Ah, that's no fun LOL

Thanks for the info. Looks like an Eh power amp may be easier in the long run. If anyone sees a used one kicking around please let me know.

does anyone know how thoses little "smokey amps" put out so much power? They are really loud and run off a battery!

TG


----------



## greco (Jul 15, 2007)

traynor_garnet said:


> If anyone sees a used one kicking around please let me know.
> 
> TG


I will be going to a guitar/music "swap" type event this coming Sunday. I can look for you.

How much do you want o pay for one? 
Would you be OK with either the .22 or the .44 model?

Cheers

Dave


----------



## traynor_garnet (Feb 22, 2006)

Thanks Dave. I would prefer the 44 but the 22 would interest me.

i would say my interest decreases as we start moving above $95; at a certain point it just makes sense to go new and return it if it doesn't work.

Please let me know and thanks for offering.

TG



greco said:


> I will be going to a guitar/music "swap" type event this coming Sunday. I can look for you.
> 
> How much do you want o pay for one?
> Would you be OK with either the .22 or the .44 model?
> ...


----------



## greco (Jul 15, 2007)

Does your preferred upper limit of $95.00 include the ~ $15.00 it will cost for me to ship it to you?

Cheers

Dave


----------



## mhammer (Nov 30, 2007)

traynor_garnet said:


> Ah, that's no fun LOL
> 
> Thanks for the info. Looks like an Eh power amp may be easier in the long run. If anyone sees a used one kicking around please let me know.
> 
> ...


Got another note from Doug (I guess he lurked a bit). Seems I misunderstood him, so I'll quote, rather than post a botched paraphrase: "you would have to make a determination whether it's worth converting the pedal or not. I have no idea what that pedal circuit is."

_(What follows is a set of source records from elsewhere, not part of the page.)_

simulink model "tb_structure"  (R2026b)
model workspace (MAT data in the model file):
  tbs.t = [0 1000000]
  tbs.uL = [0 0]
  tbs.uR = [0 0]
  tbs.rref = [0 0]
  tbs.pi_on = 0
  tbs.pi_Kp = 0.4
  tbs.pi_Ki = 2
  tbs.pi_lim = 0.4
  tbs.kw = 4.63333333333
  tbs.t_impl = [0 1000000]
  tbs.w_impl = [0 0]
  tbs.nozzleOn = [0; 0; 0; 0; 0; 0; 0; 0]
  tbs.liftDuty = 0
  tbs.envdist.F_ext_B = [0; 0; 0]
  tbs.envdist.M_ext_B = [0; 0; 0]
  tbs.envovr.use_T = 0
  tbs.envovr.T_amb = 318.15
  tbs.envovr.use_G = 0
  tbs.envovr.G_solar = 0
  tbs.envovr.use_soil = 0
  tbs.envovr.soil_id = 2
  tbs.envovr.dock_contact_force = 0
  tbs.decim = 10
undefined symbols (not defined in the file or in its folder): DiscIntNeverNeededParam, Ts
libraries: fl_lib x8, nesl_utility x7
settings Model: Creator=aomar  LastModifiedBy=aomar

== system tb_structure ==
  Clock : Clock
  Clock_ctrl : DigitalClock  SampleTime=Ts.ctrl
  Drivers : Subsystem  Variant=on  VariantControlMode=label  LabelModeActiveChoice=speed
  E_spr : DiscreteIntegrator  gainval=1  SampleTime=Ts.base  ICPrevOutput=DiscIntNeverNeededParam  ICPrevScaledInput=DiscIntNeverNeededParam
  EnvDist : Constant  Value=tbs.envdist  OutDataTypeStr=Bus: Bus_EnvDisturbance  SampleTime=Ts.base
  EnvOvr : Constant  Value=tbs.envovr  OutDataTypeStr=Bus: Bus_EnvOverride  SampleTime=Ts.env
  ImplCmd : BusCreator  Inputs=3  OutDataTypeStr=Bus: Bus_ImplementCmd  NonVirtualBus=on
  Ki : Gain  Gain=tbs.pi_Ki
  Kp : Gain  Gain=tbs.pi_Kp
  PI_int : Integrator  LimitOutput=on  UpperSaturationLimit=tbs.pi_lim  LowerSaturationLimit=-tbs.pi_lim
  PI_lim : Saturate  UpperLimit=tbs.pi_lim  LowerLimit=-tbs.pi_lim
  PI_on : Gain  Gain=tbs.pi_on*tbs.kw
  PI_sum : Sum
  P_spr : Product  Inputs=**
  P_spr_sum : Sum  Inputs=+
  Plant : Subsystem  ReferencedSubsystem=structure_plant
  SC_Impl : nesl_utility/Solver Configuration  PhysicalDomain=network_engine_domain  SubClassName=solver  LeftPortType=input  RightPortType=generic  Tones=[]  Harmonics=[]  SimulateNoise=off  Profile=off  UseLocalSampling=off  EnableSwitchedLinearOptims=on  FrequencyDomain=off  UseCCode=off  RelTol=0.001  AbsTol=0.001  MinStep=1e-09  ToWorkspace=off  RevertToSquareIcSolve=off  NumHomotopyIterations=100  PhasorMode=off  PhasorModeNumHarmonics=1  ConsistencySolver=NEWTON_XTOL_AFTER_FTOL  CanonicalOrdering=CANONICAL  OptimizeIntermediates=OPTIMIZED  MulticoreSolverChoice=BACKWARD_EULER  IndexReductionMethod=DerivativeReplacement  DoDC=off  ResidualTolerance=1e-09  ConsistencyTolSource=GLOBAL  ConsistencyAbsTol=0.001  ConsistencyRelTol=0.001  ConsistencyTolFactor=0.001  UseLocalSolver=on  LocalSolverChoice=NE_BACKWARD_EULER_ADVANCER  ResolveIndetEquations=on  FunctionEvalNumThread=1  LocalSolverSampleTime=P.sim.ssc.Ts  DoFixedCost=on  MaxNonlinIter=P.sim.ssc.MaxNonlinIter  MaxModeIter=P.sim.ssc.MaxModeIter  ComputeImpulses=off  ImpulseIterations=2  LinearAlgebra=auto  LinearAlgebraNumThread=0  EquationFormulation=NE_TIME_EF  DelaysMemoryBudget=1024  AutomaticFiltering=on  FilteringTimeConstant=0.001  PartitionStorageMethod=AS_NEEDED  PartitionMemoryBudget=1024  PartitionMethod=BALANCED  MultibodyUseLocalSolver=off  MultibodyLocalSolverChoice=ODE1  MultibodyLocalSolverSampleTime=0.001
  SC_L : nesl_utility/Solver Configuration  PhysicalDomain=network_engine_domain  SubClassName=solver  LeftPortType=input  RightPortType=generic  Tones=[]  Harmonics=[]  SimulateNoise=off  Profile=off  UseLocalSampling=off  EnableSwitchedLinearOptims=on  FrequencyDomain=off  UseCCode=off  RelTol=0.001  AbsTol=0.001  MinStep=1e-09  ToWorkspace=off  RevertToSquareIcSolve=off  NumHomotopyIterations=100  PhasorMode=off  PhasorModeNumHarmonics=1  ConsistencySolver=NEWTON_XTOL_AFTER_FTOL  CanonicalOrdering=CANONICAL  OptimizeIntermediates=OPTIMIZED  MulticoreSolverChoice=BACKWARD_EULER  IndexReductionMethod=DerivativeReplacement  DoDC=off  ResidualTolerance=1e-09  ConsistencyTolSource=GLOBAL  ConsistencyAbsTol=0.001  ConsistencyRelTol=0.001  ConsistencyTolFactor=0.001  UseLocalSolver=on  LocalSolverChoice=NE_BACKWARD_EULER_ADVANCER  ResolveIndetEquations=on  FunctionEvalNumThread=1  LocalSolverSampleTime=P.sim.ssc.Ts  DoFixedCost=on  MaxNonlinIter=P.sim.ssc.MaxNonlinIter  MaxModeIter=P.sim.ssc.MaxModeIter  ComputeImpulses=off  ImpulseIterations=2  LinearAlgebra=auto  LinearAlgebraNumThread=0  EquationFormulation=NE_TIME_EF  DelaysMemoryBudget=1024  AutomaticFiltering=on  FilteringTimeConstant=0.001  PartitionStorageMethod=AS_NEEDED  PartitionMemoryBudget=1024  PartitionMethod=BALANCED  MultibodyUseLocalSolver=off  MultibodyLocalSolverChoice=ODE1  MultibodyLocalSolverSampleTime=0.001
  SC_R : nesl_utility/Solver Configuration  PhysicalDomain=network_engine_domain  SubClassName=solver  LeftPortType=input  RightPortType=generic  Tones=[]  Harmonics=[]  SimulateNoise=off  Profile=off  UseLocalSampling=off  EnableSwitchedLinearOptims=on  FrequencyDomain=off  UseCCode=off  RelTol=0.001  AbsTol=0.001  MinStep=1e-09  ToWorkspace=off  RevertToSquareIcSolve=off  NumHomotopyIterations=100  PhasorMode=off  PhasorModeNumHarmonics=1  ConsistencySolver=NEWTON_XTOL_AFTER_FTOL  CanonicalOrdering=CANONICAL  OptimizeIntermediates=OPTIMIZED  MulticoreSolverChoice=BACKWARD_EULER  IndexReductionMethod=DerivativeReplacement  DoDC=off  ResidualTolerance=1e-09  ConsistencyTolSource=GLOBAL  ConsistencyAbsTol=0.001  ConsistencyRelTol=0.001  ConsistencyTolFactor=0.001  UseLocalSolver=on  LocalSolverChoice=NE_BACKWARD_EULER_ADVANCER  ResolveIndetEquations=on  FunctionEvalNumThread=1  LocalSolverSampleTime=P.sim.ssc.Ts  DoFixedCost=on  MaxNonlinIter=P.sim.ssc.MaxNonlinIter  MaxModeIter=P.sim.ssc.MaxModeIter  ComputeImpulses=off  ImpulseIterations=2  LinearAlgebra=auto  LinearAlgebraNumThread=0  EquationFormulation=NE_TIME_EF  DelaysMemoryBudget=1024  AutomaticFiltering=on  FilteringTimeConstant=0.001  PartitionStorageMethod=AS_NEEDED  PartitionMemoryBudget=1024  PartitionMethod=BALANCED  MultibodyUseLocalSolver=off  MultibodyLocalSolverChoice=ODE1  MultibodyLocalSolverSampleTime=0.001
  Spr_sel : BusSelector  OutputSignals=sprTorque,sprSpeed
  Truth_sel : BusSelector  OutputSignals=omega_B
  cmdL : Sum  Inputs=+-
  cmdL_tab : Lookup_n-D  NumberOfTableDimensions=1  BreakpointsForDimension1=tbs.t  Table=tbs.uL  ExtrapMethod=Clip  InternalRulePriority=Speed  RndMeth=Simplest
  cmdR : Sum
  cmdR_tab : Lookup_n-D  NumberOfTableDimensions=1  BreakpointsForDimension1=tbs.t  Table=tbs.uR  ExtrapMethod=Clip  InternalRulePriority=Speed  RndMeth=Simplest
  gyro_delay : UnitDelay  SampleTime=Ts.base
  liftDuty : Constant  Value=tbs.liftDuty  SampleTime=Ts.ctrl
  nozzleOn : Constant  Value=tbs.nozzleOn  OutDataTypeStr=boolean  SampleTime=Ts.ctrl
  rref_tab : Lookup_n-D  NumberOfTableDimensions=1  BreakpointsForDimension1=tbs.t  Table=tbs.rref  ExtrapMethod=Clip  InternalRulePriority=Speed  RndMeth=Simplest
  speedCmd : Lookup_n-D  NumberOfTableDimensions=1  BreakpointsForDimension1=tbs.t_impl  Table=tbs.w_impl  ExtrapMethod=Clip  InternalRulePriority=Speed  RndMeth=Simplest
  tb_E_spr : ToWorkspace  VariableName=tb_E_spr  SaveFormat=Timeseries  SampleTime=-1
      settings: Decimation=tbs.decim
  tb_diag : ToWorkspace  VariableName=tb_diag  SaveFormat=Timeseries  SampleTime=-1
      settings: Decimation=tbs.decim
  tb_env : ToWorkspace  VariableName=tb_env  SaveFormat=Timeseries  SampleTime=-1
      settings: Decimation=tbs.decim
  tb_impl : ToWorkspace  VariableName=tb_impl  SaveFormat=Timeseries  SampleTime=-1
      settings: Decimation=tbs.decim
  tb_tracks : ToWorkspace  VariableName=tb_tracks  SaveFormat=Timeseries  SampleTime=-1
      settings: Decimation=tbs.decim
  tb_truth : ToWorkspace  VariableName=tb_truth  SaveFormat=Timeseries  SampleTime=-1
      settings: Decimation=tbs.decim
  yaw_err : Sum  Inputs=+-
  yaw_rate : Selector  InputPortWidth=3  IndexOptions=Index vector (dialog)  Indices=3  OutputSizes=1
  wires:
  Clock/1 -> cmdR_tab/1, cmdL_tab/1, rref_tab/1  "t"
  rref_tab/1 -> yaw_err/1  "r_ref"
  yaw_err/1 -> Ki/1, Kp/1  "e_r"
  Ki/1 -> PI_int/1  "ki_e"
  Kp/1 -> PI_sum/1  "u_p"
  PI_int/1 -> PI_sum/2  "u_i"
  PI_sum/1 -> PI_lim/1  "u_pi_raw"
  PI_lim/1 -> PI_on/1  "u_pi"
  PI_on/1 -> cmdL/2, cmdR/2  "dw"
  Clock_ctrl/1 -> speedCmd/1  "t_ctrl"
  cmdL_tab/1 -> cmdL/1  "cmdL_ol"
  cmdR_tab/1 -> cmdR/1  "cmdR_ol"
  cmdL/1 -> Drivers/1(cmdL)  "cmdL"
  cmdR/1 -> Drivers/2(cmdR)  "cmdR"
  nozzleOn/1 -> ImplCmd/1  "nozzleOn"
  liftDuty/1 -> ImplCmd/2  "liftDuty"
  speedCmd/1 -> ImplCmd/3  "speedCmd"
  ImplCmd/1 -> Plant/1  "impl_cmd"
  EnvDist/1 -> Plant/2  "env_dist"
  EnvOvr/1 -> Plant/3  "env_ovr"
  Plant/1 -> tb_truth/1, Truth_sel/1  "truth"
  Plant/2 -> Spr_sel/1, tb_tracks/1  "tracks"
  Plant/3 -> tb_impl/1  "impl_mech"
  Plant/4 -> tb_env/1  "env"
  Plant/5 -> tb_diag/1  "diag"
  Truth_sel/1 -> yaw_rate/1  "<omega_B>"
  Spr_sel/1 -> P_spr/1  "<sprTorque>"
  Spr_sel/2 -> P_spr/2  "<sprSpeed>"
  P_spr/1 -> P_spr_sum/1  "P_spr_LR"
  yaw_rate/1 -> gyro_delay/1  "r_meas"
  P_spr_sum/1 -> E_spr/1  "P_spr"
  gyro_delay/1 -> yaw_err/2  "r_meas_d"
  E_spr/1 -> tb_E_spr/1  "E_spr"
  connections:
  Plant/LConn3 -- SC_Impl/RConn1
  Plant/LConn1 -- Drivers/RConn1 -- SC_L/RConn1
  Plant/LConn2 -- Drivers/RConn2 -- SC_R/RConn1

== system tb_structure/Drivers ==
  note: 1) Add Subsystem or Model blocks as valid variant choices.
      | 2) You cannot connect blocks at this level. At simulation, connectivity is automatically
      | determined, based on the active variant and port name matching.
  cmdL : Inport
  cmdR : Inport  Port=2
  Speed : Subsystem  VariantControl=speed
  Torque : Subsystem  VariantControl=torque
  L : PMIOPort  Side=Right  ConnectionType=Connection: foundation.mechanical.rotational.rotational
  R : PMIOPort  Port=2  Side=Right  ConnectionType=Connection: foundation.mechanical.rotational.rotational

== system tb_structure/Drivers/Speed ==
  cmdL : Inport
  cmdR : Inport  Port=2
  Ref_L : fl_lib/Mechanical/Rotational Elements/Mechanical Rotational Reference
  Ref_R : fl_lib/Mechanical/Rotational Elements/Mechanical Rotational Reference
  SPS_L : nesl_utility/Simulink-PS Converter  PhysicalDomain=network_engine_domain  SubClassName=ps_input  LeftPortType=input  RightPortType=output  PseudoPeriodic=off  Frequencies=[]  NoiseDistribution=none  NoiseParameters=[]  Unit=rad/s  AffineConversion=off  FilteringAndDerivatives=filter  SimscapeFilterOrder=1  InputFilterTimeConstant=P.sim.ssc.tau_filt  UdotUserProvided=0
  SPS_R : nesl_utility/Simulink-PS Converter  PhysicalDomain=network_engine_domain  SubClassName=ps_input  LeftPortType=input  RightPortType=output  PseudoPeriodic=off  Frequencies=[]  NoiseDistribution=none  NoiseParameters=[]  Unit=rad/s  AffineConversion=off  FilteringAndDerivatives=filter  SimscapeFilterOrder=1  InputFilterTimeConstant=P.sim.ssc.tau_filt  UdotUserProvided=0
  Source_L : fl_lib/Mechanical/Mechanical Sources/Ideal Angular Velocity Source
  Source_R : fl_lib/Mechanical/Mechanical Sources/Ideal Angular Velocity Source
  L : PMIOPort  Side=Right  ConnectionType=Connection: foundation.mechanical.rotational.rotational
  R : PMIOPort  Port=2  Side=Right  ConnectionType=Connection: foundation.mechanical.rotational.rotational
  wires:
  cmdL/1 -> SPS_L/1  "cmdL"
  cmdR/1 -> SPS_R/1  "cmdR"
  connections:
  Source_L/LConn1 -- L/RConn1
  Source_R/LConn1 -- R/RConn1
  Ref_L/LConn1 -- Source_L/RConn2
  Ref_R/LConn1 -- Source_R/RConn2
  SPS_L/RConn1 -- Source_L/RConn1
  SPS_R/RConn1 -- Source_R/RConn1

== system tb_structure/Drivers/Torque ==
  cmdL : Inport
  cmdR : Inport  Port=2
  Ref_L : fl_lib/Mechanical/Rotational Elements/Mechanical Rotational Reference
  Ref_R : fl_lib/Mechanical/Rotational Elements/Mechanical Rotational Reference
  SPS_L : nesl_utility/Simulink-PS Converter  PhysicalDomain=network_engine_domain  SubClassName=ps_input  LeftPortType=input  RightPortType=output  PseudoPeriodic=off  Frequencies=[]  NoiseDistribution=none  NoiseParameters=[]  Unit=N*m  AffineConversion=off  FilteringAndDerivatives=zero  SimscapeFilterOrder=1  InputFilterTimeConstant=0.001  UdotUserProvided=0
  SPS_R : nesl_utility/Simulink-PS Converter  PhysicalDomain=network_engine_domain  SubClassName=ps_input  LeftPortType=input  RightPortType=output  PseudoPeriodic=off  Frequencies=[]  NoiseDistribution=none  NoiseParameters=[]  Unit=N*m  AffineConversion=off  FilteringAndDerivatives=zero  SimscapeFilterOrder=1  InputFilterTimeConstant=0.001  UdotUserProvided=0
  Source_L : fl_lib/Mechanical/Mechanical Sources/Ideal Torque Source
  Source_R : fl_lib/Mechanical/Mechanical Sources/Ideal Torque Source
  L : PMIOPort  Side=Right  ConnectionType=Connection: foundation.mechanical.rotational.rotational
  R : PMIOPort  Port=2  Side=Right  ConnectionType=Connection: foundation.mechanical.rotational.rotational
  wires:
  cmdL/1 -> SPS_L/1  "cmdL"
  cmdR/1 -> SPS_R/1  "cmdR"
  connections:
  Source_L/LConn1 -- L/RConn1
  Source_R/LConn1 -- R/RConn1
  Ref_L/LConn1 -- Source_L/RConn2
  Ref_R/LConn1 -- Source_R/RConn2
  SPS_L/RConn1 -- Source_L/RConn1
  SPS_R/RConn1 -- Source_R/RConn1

So, we're back to the drawing board, and placed at the choice-point. I'll see if I can score some usable technical info from the designer of the LPB2ube, who is also a semi-regular at the DIYstompboxforum.


----------



## traynor_garnet (Feb 22, 2006)

Ok, I am confused. I assumed "Doug" _was _the original designer . . . 

At any rate, any info is great so thanks so much.

TG



mhammer said:


> Got another note from Doug (I guess he lurked a bit). Seems I misunderstood him, so I'll quote, rather than post a botched paraphrase: "you would have to make a determination whether it's worth converting the pedal or not. I have no idea what that pedal circuit is."
> 
> So, we're back to the drawing board, and placed at the choice-point. I'll see if I can score some usable technical info from the designer of the LPB2ube, who is also a semi-regular at the DIYstompboxforum.


----------



## mhammer (Nov 30, 2007)

Doug designed the Firefly amp (and some terrific pedals, too). The "other guy" is Ton Barmentloo, the fellow who designed the LPB2ube (and many other things for EHX). Doug's in the USA, and Ton is in Germany. If Doug needs more info about the insides of the LPB2ube to make any sort of recommendation one way or the other, then it behooves me to find out more about the insides. I expect Ton to guard his I.P. closely, since it is his livelihood as an independent designer. But perhaps he'll be willing to disclose a few tidbits that might suggest a suitable course of action. He's also good folks.


----------



## mhammer (Nov 30, 2007)

And here is what Ton said: 

" _No-I can`t recommend to alter the pedal into an amp: power-supply probably too weak...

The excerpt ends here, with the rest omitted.